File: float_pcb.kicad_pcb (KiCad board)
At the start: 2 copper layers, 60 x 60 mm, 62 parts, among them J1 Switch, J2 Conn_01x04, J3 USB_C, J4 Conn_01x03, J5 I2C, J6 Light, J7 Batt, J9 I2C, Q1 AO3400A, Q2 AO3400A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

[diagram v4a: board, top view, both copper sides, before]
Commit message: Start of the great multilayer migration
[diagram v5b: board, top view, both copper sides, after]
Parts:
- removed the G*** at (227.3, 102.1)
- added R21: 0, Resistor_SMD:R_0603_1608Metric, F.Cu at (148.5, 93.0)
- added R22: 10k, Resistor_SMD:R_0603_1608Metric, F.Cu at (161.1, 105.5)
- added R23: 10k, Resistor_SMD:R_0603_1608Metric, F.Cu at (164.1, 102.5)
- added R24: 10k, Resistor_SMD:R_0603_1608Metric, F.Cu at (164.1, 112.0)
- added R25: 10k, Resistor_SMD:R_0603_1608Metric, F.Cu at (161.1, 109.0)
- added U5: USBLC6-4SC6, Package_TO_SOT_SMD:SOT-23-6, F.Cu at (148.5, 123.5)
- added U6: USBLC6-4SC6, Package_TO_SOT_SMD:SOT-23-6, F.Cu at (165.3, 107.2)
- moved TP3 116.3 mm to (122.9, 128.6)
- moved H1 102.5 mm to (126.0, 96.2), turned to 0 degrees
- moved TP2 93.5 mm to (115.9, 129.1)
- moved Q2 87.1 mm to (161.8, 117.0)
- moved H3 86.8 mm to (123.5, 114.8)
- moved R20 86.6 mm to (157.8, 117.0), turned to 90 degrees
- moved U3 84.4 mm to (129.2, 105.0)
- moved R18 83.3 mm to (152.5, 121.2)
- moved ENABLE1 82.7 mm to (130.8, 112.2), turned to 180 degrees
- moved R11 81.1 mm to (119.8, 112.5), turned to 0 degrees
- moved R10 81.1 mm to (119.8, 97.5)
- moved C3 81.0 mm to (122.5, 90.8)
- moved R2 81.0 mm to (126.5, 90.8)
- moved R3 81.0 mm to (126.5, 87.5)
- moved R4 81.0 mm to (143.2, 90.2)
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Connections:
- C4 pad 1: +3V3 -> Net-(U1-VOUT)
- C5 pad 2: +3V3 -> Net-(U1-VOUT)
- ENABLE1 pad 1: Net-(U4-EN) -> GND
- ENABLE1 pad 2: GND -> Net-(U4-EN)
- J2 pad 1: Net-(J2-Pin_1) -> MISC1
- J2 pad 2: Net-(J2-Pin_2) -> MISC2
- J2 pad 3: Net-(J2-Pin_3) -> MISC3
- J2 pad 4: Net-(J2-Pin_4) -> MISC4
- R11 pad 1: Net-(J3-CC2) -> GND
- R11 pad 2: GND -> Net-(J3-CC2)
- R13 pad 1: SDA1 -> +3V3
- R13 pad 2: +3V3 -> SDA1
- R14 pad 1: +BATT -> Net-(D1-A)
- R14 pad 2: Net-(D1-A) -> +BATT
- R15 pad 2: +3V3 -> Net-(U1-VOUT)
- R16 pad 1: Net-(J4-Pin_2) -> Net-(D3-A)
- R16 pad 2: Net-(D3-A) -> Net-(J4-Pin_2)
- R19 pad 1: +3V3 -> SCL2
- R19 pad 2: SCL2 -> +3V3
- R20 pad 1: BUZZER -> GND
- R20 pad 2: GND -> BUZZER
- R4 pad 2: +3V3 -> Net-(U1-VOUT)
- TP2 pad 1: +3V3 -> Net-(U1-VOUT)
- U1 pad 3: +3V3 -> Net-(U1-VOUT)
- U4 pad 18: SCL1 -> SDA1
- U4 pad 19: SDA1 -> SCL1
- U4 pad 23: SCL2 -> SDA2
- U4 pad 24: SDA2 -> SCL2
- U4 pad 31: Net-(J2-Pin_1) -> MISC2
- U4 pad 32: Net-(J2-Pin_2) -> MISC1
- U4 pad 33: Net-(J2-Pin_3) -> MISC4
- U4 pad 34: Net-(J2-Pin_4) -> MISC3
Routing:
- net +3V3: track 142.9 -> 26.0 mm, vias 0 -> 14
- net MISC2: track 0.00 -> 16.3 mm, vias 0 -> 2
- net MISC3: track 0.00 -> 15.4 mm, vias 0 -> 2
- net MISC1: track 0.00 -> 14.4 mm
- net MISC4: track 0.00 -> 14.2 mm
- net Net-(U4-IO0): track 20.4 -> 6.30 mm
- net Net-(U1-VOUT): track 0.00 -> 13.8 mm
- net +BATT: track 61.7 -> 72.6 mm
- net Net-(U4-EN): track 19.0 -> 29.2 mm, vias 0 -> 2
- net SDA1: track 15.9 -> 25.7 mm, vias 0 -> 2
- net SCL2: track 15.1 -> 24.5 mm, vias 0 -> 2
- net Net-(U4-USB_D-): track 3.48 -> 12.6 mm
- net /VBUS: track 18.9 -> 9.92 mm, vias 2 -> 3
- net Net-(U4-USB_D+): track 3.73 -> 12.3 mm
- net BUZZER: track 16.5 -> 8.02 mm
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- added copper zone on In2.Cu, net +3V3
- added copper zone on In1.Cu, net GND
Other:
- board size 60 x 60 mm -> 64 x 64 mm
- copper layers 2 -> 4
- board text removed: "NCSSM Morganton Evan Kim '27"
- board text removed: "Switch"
********
Try it »
Every line above with the string "BUZZER" in it needs to be copied.

Output for this exercise »
- R20 pad 1: BUZZER -> GND
- R20 pad 2: GND -> BUZZER
- net BUZZER: track 16.5 -> 8.02 mm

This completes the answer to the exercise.